Token-bound access control. The access token is bound to userId + deviceFingerprint + expiry with a cryptographic signature, validated on every subsequent request. Without binding, tokens can be shared or replayed.
Pre-warming and dry runs. Production systems never start a flash sale cold. At T-1 hour: warm Valkey keys, load coupon pools, warm CDN edge caches, pre-establish database connection pools, and run synthetic traffic through the full checkout path.
Kill switches and circuit breakers. When the payment gateway returns errors at 20%+ rate, the system stops admitting new users to checkout, allows browsing only, and queues pending orders for retry.

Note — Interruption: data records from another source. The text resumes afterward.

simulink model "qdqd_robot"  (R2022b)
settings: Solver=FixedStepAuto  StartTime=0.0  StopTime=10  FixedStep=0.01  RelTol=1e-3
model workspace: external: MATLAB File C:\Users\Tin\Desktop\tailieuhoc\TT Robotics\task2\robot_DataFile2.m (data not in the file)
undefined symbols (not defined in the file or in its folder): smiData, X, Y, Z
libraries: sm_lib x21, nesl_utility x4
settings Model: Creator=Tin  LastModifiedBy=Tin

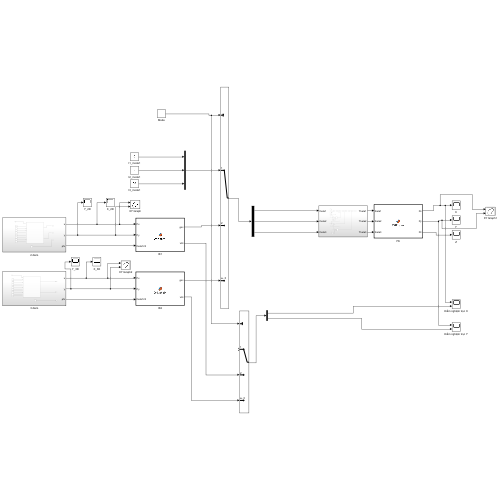
[thumbnail: Simulink's stored preview of the top-level diagram]
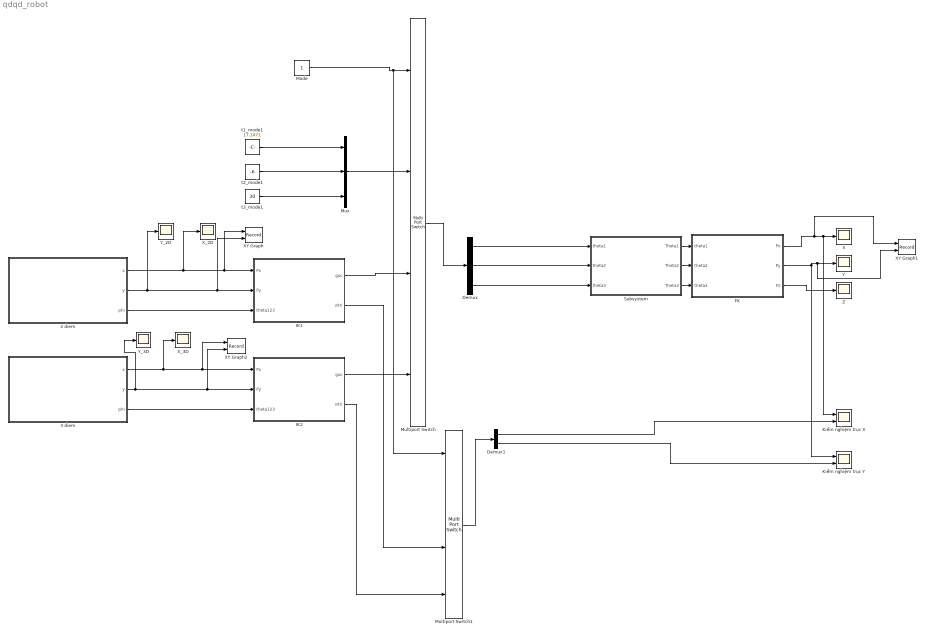
== system qdqd_robot ==
  2 diem : Subsystem
  3 diem : Subsystem
  Demux : Demux  Outputs=3
  Demux1 : Demux  Outputs=2
  FK : MATLAB Function  TreatAsAtomicUnit=on
  IK1 : MATLAB Function  TreatAsAtomicUnit=on
  IK2 : MATLAB Function  TreatAsAtomicUnit=on
  Kiểm nghiệm trục X : Scope  NumInputPorts=2
  Kiểm nghiệm trục Y : Scope  NumInputPorts=2
  Mode : Constant
  Multiport Switch : MultiPortSwitch  SaturateOnIntegerOverflow=off  InputSameDT=off
  Multiport Switch1 : MultiPortSwitch  SaturateOnIntegerOverflow=off  InputSameDT=off
  Mux : Mux  Inputs=3
  Subsystem : Subsystem
  X : Scope
  XY Graph : Record  FileSettingsInternal="{\"entries\":[{\"content\":{\"excelSettings\":{\"content\":{},\"type\":\"Streamout.ExcelSettings\"}},\"type\":\"Streamout.FileSettingStorage\",\"uuid\":\"97201033-76aa-4202-b919-b78145d5e60c\"}],\"packageUris\":[\"http://schema.mathworks.com/mf0/streamout_blocks/R2020a\"],\"version\":\"1.0\"}"  Layout=[1 1]  SignalsInternal="{\"entries\":[{\"content\":{\"signals\":[{\"content\":{\"blockPath\":[\"qdqd_robot/XY Graph\"],\"channel\":[],\"dimensions\":[1],\"domain\":\"qdqd_robot/XY Graph\",\"lineColor\":\"#a2142f\",\"plots\":[1],\"port\":1,\"sid\":[\"\"],\"signalID\":186,\"signalName\":\"2 diem:1\"},\"type\":\"RecordBlkView.Signal\",\"uuid\":\"08513785-76e9-4c55-b008-f54bb21082a6\"},{\"content\":{\"blockPath\":[\"qdqd_robot/XY Graph\"],\"channel\":[],\"dimensions\":[1],\"domain\":\"qdqd_robot/XY Graph\",\"lineColor\":\"#139fff\",\"plots\":[1],\"port\":2,\"sid\":[\"\"],\"signalID\":190,\"signalName\":\"2 diem:2\"},\"type\":\"RecordBlkView.Signal\",\"uuid\":\"6af3ea91-2b2f-4a9b-90b3-e45fbf568ca8\"}]},\"type\":\"RecordBlkView.InputSignals\",\"uuid\":\"c4f7b2ae-604a-40bb-aba8-63fb868da412\"}],\"packageUris\":[\"http://schema.mathworks.com/mf0/streamout_blocks/R2020a\"],\"version\":\"1.0\"}"  VisualizationBindings="{\"xyplotplugin\":{\"info\":[{\"series\":[{\"bindingParametersList\":[{\"parameter\":\"X-Axis\",\"signalID\":186,\"signalName\":\"2 diem:1\"},{\"parameter\":\"Y-Axis\",\"signalID\":190,\"signalName\":\"2 diem:2\"}],\"seriesID\":19907}],\"subplotID\":1}]}}"  CompatibilityTag=XY
  XY Graph1 : Record  FileSettingsInternal="{\"entries\":[{\"content\":{\"excelSettings\":{\"content\":{},\"type\":\"Streamout.ExcelSettings\"}},\"type\":\"Streamout.FileSettingStorage\",\"uuid\":\"ef5a2e5f-ada7-4355-a35d-416917ef2084\"}],\"packageUris\":[\"http://schema.mathworks.com/mf0/streamout_blocks/R2020a\"],\"version\":\"1.0\"}"  Layout=[1 1]  SignalsInternal="{\"entries\":[{\"content\":{\"signals\":[{\"content\":{\"blockPath\":[\"qdqd_robot/XY Graph1\"],\"channel\":[],\"dimensions\":[1],\"domain\":\"qdqd_robot/XY Graph1\",\"lineColor\":\"#a2142f\",\"plots\":[1],\"port\":1,\"sid\":[\"\"],\"signalID\":194,\"signalName\":\"FK:1\"},\"type\":\"RecordBlkView.Signal\",\"uuid\":\"117ca86f-aa11-44ab-9443-b09f4f7bf889\"},{\"content\":{\"blockPath\":[\"qdqd_robot/XY Graph1\"],\"channel\":[],\"dimensions\":[1],\"domain\":\"qdqd_robot/XY Graph1\",\"lineColor\":\"#139fff\",\"plots\":[1],\"port\":2,\"sid\":[\"\"],\"signalID\":198,\"signalName\":\"FK:2\"},\"type\":\"RecordBlkView.Signal\",\"uuid\":\"99251a9f-89e7-4e57-8cb5-748fe57cbdd2\"}]},\"type\":\"RecordBlkView.InputSignals\",\"uuid\":\"e90fa3b0-753d-4f20-842e-d0b0260bec66\"}],\"packageUris\":[\"http://schema.mathworks.com/mf0/streamout_blocks/R2020a\"],\"version\":\"1.0\"}"  VisualizationBindings="{\"xyplotplugin\":{\"info\":[{\"series\":[{\"bindingParametersList\":[{\"parameter\":\"X-Axis\",\"signalID\":194,\"signalName\":\"FK:1\"},{\"parameter\":\"Y-Axis\",\"signalID\":198,\"signalName\":\"FK:2\"}],\"seriesID\":49500}],\"subplotID\":1}]}}"  CompatibilityTag=XY
  XY Graph2 : Record  FileSettingsInternal="{\"entries\":[{\"content\":{\"excelSettings\":{\"content\":{},\"type\":\"Streamout.ExcelSettings\"}},\"type\":\"Streamout.FileSettingStorage\",\"uuid\":\"42d82971-a484-44fd-ac3b-312511253240\"}],\"packageUris\":[\"http://schema.mathworks.com/mf0/streamout_blocks/R2020a\"],\"version\":\"1.0\"}"  Layout=[1 1]  SignalsInternal="{\"entries\":[{\"content\":{\"signals\":[{\"content\":{\"blockPath\":[\"qdqd_robot/XY Graph2\"],\"channel\":[],\"dimensions\":[1],\"domain\":\"qdqd_robot/XY Graph2\",\"lineColor\":\"#a2142f\",\"plots\":[1],\"port\":1,\"sid\":[\"\"],\"signalID\":202,\"signalName\":\"3 diem:1\"},\"type\":\"RecordBlkView.Signal\",\"uuid\":\"d0b55c77-b964-4692-b3b0-299111d60012\"},{\"content\":{\"blockPath\":[\"qdqd_robot/XY Graph2\"],\"channel\":[],\"dimensions\":[1],\"domain\":\"qdqd_robot/XY Graph2\",\"lineColor\":\"#139fff\",\"plots\":[1],\"port\":2,\"sid\":[\"\"],\"signalID\":206,\"signalName\":\"3 diem:2\"},\"type\":\"RecordBlkView.Signal\",\"uuid\":\"4c5f2143-5546-468c-9f3f-87db4ee2b5a3\"}]},\"type\":\"RecordBlkView.InputSignals\",\"uuid\":\"6f2205dc-2759-4ab6-9096-b1192ef20588\"}],\"packageUris\":[\"http://schema.mathworks.com/mf0/streamout_blocks/R2020a\"],\"version\":\"1.0\"}"  VisualizationBindings="{\"xyplotplugin\":{\"info\":[{\"series\":[{\"bindingParametersList\":[{\"parameter\":\"X-Axis\",\"signalID\":202,\"signalName\":\"3 diem:1\"},{\"parameter\":\"Y-Axis\",\"signalID\":206,\"signalName\":\"3 diem:2\"}],\"seriesID\":60577}],\"subplotID\":1}]}}"  CompatibilityTag=XY
  X_2D : Scope
  X_3D : Scope
  Y : Scope
  Y_2D : Scope
  Y_3D : Scope
  Z : Scope
  t1_mode1 : Constant  Value=17.1471
  t2_mode1 : Constant  Value=-6
  t3_mode1 : Constant  Value=30
  wires:
  2 diem/3(phi) -> IK1/3(theta123)
  2 diem/2(y) -> Y_2D/1, IK1/2(Py), XY Graph/2
  3 diem/3(phi) -> IK2/3(theta123)
  IK2/1(goc) -> Multiport Switch/4
  t2_mode1/1 -> Mux/2
  t3_mode1/1 -> Mux/3
  Mux/1 -> Multiport Switch/2
  Demux/2 -> Subsystem/2(theta2)
  Demux/3 -> Subsystem/3(theta3)
  Multiport Switch/1 -> Demux/1
  t1_mode1/1 -> Mux/1
  3 diem/2(y) -> Y_3D/1, IK2/2(Py), XY Graph2/2
  3 diem/1(x) -> IK2/1(Px), XY Graph2/1, X_3D/1
  IK1/1(goc) -> Multiport Switch/3
  Subsystem/1(Theta1) -> FK/1(theta1)
  Subsystem/2(Theta2) -> FK/2(theta2)
  Subsystem/3(Theta3) -> FK/3(theta3)
  FK/1(Px) -> XY Graph1/1, Kiểm nghiệm trục X/1, X/1
  FK/2(Py) -> XY Graph1/2, Y/1, Kiểm nghiệm trục Y/1
  FK/3(Pz) -> Z/1
  Demux/1 -> Subsystem/1(theta1)
  2 diem/1(x) -> IK1/1(Px), XY Graph/1, X_2D/1
  Mode/1 -> Multiport Switch1/1, Multiport Switch/1
  IK1/2(vitri) -> Multiport Switch1/3
  IK2/2(vitri) -> Multiport Switch1/4
  Multiport Switch1/1 -> Demux1/1
  Demux1/1 -> Kiểm nghiệm trục X/2
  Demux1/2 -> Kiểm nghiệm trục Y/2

Runtime memory pressure under burst traffic. Garbage-collected runtimes (JVM, Go, Node.js) face sharp allocation rate spikes during flash sales. Production systems tune GC parameters for burst workloads and monitor GC pause duration alongside p99 latency.
VIP and priority queues. Real flash sales sometimes offer early access to premium subscribers. The virtual queue becomes a priority queue with multiple tiers, adding business value at the cost of fairness complexity.
Explore the Technologies
Core Technologies
| Technology | Role in This Design | Deep Dive |
|---|---|---|
| Valkey/Redis | Inventory atomics, coupon pools, queue management | Redis |
| PostgreSQL | Durable ledger for orders, coupon claims, reconciliation | PostgreSQL |
| Kafka | Event streaming for order events, analytics, async processing | Kafka |
| Prometheus | Metrics collection for sale-specific dashboards and alerting | Prometheus |
| Grafana | Dashboard visualization for real-time sale monitoring | Grafana |
| Kong | API gateway for per-route rate limiting, JWT auth, request routing | Kong |
Infrastructure Patterns
| Pattern | Relevance to This Design | Deep Dive |
|---|---|---|
| Message Queues and Event Streaming | Kafka for order events and async inventory sync | Event Streaming |
| Caching Strategies | CDN + Valkey multi-layer with inverted consistency model | Caching |
| Rate Limiting and Throttling | Per-user, per-IP, per-endpoint rate limits | Rate Limiting |
| Circuit Breaker and Resilience | Payment gateway circuit breaker, admission controller | Circuit Breaker |
| CDN and Edge Computing | CloudFront for sale page, waiting room, DDoS absorption | CDN |
| API Gateway | Kong for routing, auth, per-route rate limiting | API Gateway |
| Database Sharding | Valkey 16-slot inventory sharding, PG partition by sale_id | Sharding |
| Auto-Scaling Patterns | Kubernetes HPA for queue-driven and CPU-driven scaling | Auto-Scaling |
| WebSocket and Real-Time | Queue position updates via WebSocket push | WebSocket |
| Deployment Strategies | Canary 5% to full rollout with rollback triggers | Deployment |
| Alerting and On-Call | Sale-specific alert rules and escalation | Alerting |
| Metrics and Monitoring | 6 sale dashboards, 40+ specific alerts | Metrics |
External References
- Temporal -- Saga orchestration for checkout workflows
- Socket.io -- WebSocket library for real-time queue updates
- FingerprintJS -- Device fingerprinting for bot detection
- hCaptcha -- CAPTCHA for queue entry bot prevention
- k6 -- Load testing for simulating 10M concurrent users
A flash sale system is not an inventory system. It is a system that controls contention. Every component exists for one reason: to decide who gets access, and who does not, under extreme pressure. The queue decides who enters. Valkey decides who succeeds. Temporal decides who gets compensated. The rest is implementation detail.